Data entries
BEGIN

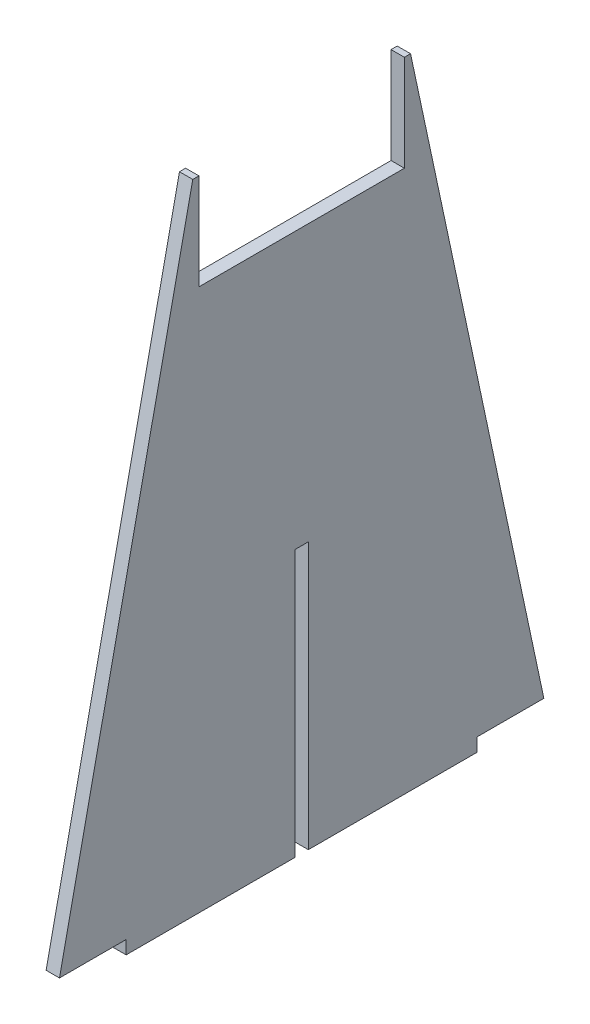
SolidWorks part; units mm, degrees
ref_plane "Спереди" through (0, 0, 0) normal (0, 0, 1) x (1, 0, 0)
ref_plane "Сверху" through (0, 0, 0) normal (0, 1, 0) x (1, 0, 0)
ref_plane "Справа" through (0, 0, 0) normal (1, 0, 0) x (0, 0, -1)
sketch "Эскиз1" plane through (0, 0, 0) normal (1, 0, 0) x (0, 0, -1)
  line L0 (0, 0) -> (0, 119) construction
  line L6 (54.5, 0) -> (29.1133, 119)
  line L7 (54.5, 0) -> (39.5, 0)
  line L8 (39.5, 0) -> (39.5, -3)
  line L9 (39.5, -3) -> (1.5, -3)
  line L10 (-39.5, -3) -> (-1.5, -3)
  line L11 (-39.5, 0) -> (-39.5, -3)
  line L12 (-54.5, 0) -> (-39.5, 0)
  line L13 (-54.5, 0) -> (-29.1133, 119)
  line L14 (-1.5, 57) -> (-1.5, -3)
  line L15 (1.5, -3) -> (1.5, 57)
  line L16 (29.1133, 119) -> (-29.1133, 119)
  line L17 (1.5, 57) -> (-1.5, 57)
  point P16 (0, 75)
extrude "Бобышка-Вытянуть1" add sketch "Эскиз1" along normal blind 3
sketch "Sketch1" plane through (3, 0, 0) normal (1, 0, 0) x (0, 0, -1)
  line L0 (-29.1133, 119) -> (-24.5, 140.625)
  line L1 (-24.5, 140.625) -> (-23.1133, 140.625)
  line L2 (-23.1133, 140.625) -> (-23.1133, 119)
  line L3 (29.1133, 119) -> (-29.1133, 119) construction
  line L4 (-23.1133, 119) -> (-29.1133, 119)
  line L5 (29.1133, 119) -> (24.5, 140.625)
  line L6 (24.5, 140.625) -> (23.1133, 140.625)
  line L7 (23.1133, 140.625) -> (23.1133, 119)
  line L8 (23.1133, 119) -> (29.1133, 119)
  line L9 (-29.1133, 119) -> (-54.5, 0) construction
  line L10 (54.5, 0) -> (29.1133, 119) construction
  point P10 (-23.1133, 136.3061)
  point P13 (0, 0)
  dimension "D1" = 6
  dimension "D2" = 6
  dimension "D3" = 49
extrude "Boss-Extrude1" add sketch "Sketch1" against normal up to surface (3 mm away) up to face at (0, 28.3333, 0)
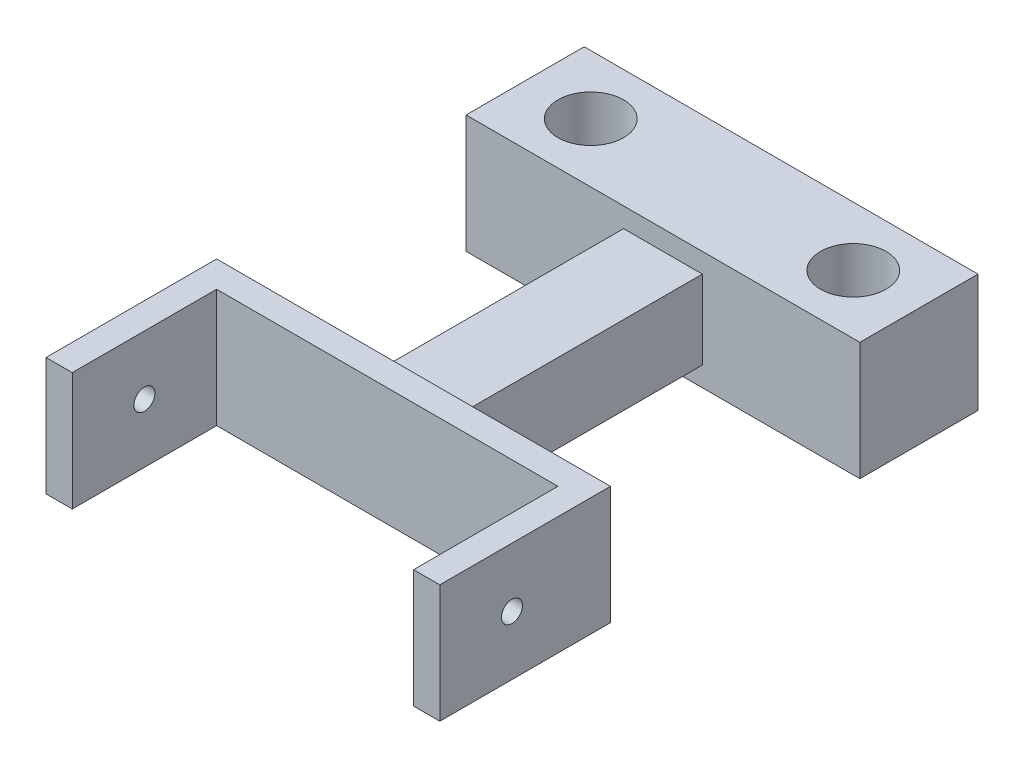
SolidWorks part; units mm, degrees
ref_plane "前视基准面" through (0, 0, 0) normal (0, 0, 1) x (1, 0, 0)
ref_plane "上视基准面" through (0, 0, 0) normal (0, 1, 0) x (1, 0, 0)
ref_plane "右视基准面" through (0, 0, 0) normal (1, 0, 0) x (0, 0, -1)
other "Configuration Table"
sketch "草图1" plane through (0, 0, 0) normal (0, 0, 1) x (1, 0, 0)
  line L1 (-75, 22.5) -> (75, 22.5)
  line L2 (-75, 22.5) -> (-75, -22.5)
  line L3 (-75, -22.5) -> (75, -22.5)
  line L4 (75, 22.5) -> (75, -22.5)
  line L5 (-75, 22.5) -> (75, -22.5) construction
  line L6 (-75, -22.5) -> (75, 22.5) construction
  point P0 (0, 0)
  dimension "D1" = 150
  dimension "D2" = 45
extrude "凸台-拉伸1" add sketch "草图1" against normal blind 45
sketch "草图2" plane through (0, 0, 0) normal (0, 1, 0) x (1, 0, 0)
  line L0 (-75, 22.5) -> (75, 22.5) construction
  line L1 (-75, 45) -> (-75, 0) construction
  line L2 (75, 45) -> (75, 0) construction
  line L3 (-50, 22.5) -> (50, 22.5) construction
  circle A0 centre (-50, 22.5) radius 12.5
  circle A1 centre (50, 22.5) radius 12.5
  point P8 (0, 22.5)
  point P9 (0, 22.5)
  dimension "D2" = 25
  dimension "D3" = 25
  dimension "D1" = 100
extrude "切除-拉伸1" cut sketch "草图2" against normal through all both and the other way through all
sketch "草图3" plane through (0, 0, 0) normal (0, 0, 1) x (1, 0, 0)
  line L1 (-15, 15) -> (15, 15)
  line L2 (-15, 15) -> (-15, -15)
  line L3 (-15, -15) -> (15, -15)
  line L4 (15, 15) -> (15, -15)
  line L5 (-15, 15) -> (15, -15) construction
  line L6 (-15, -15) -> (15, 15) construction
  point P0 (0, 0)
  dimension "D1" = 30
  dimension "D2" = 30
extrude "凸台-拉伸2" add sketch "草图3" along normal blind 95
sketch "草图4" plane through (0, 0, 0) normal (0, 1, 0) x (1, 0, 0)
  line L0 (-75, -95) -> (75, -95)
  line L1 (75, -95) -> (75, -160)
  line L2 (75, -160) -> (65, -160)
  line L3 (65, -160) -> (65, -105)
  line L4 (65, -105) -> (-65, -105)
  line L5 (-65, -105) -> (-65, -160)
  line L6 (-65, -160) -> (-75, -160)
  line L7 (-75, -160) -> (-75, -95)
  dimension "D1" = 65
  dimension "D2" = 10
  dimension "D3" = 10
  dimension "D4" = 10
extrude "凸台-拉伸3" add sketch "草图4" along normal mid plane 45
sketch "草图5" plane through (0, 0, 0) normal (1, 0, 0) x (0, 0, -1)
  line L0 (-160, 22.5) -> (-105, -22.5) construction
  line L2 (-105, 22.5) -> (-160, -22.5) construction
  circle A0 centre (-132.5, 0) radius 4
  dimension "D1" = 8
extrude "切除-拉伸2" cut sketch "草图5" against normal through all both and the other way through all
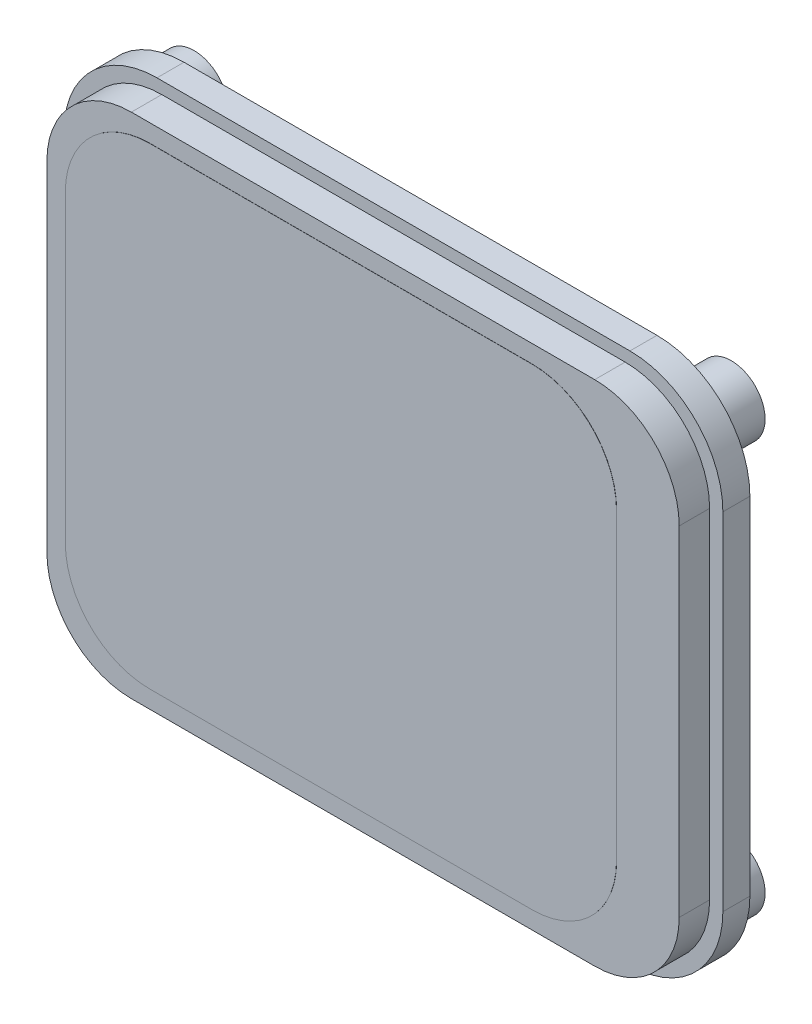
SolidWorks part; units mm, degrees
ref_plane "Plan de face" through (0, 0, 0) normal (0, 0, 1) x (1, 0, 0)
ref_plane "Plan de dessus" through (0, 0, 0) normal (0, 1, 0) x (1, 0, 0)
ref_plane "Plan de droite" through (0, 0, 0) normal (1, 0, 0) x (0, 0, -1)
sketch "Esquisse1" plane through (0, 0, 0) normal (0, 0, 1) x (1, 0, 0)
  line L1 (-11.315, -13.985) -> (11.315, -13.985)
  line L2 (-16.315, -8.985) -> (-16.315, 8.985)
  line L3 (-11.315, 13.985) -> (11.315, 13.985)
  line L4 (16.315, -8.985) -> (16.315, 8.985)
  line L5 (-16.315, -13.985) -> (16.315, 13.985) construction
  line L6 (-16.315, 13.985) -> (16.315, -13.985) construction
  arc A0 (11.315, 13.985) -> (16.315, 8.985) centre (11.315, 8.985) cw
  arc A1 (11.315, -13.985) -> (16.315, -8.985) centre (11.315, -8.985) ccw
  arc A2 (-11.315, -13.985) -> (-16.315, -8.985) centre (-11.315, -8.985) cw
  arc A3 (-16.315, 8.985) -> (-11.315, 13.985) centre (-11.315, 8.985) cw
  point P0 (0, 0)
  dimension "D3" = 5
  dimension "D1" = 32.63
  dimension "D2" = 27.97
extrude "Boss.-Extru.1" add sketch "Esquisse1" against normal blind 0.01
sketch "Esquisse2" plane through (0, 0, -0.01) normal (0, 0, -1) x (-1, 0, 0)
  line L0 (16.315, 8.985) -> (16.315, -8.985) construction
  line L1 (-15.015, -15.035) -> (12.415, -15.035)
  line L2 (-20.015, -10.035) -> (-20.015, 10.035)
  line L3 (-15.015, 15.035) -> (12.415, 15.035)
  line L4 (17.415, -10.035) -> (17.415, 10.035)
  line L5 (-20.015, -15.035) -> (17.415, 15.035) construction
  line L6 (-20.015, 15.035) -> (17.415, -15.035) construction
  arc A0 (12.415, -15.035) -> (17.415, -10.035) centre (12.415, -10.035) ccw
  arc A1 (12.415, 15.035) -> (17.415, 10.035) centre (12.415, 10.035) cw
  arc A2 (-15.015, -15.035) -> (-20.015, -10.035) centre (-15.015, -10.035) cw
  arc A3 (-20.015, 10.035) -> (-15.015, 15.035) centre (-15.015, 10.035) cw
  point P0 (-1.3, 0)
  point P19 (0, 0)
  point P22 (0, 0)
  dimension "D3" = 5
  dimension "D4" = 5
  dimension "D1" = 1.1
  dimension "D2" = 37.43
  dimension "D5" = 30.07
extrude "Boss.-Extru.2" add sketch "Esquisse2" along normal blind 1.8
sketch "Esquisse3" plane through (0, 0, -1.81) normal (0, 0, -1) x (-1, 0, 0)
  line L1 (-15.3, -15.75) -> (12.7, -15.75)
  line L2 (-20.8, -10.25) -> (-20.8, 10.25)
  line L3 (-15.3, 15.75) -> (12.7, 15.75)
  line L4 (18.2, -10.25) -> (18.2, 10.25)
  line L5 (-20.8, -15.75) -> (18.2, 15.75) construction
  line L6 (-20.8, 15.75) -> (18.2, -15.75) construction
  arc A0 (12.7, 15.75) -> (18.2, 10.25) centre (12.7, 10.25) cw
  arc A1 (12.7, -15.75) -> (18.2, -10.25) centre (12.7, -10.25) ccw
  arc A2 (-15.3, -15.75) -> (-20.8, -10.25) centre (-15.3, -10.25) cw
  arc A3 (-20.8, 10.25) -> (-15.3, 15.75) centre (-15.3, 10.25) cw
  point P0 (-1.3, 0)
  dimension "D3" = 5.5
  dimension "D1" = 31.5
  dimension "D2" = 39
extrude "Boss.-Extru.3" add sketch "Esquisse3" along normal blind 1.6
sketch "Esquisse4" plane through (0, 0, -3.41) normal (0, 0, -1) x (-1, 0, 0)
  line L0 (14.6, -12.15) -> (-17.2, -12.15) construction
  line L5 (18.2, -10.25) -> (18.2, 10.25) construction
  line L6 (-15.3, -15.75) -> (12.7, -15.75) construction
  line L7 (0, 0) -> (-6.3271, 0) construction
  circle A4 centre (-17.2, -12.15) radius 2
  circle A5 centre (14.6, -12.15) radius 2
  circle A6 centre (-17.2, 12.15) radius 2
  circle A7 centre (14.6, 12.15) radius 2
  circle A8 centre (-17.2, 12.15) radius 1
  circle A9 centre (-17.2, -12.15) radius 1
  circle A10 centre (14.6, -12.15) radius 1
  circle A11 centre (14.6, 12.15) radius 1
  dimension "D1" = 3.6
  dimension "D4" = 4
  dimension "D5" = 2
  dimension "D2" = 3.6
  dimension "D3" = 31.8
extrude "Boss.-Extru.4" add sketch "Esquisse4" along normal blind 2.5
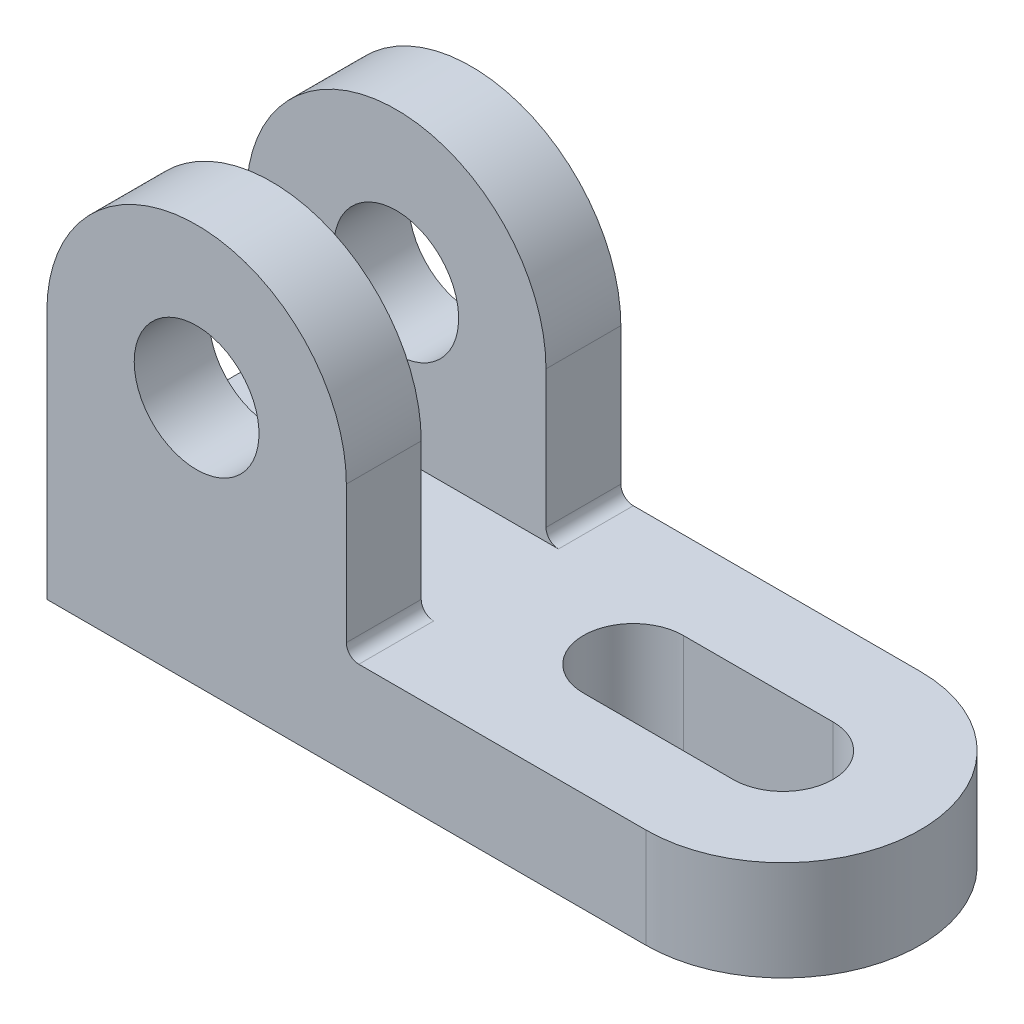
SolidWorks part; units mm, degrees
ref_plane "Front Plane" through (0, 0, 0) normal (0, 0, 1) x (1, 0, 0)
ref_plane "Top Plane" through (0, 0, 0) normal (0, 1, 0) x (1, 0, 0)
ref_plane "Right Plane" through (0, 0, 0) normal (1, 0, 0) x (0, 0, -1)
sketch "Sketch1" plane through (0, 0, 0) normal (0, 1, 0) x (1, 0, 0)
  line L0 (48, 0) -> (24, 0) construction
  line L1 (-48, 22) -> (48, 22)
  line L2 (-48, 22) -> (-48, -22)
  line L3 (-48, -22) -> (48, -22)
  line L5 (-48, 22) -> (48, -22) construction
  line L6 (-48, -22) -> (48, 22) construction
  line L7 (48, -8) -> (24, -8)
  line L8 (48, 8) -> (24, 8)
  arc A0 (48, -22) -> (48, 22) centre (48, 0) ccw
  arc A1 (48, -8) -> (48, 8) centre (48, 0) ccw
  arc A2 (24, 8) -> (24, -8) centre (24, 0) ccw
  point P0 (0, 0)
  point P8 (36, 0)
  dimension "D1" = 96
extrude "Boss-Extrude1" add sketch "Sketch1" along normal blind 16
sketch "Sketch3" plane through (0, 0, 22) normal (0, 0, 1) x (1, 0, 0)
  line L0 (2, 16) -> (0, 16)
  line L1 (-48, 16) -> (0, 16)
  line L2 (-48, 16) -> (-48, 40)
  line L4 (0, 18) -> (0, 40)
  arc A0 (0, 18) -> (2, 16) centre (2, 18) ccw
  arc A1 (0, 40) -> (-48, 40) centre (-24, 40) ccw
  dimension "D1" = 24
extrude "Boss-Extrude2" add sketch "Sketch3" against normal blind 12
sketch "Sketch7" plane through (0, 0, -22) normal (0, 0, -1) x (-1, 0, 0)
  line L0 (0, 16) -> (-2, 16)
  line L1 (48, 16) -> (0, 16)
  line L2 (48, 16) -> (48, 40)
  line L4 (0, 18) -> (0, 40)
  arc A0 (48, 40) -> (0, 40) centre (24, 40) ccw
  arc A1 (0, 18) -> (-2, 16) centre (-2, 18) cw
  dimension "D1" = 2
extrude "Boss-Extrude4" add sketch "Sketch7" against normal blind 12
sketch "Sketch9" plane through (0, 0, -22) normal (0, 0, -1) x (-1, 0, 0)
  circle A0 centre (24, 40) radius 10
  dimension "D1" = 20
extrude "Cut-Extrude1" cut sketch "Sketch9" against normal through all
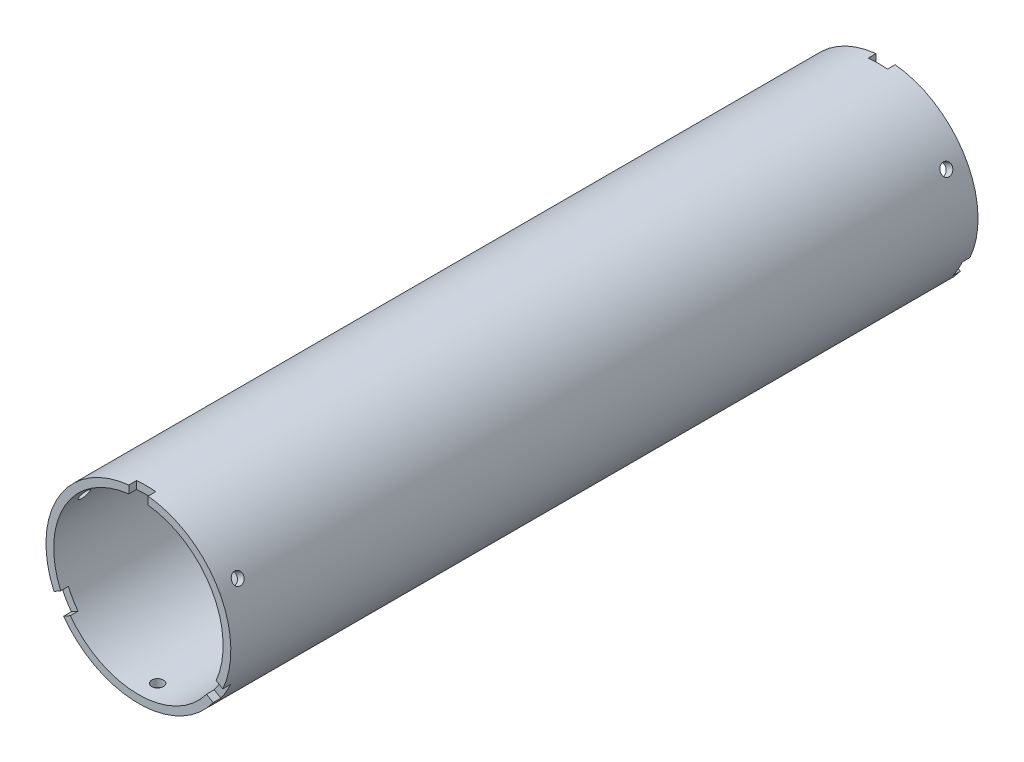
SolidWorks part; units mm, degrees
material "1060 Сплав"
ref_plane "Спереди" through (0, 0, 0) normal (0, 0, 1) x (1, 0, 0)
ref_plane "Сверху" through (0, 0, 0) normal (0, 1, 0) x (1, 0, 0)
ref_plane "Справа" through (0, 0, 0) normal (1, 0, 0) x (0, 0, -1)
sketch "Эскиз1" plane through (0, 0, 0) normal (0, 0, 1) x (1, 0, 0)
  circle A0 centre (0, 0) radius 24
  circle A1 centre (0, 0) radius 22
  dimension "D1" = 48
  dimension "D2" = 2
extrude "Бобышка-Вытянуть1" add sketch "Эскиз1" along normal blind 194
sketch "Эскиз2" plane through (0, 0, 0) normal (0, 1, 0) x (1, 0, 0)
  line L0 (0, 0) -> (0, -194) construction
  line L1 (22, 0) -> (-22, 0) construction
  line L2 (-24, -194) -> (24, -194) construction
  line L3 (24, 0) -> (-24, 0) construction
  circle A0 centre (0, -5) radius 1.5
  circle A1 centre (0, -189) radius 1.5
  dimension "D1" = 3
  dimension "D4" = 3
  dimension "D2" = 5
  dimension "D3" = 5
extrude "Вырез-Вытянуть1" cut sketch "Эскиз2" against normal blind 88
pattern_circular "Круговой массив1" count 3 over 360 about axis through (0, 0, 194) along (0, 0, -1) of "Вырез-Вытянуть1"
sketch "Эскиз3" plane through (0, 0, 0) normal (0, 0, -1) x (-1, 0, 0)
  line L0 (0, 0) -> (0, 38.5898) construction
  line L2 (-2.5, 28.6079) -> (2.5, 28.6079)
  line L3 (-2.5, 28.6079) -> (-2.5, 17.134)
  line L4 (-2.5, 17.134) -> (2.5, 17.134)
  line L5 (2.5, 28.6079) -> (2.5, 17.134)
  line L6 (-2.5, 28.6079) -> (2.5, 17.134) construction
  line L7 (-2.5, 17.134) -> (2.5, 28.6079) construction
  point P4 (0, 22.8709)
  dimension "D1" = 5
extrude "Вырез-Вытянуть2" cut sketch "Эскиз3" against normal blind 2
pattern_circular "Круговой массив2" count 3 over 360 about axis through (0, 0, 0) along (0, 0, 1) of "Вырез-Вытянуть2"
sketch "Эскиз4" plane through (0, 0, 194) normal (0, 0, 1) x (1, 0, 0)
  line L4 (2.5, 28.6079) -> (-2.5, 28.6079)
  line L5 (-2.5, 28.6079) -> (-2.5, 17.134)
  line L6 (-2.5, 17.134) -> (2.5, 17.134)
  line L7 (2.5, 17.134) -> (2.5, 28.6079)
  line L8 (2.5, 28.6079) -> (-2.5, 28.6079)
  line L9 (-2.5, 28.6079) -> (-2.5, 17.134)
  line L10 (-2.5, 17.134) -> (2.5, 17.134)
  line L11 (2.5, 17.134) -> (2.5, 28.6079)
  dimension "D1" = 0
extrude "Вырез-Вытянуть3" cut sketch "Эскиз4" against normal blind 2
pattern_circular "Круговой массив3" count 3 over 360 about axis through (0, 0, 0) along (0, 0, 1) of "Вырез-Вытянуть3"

END

▶ **Directions for this task**
All lines above that contain "count" are required in the answer.

▶ **Answer to this exercise**
pattern_circular "Круговой массив1" count 3 over 360 about axis through (0, 0, 194) along (0, 0, -1) of "Вырез-Вытянуть1"
pattern_circular "Круговой массив2" count 3 over 360 about axis through (0, 0, 0) along (0, 0, 1) of "Вырез-Вытянуть2"
pattern_circular "Круговой массив3" count 3 over 360 about axis through (0, 0, 0) along (0, 0, 1) of "Вырез-Вытянуть3"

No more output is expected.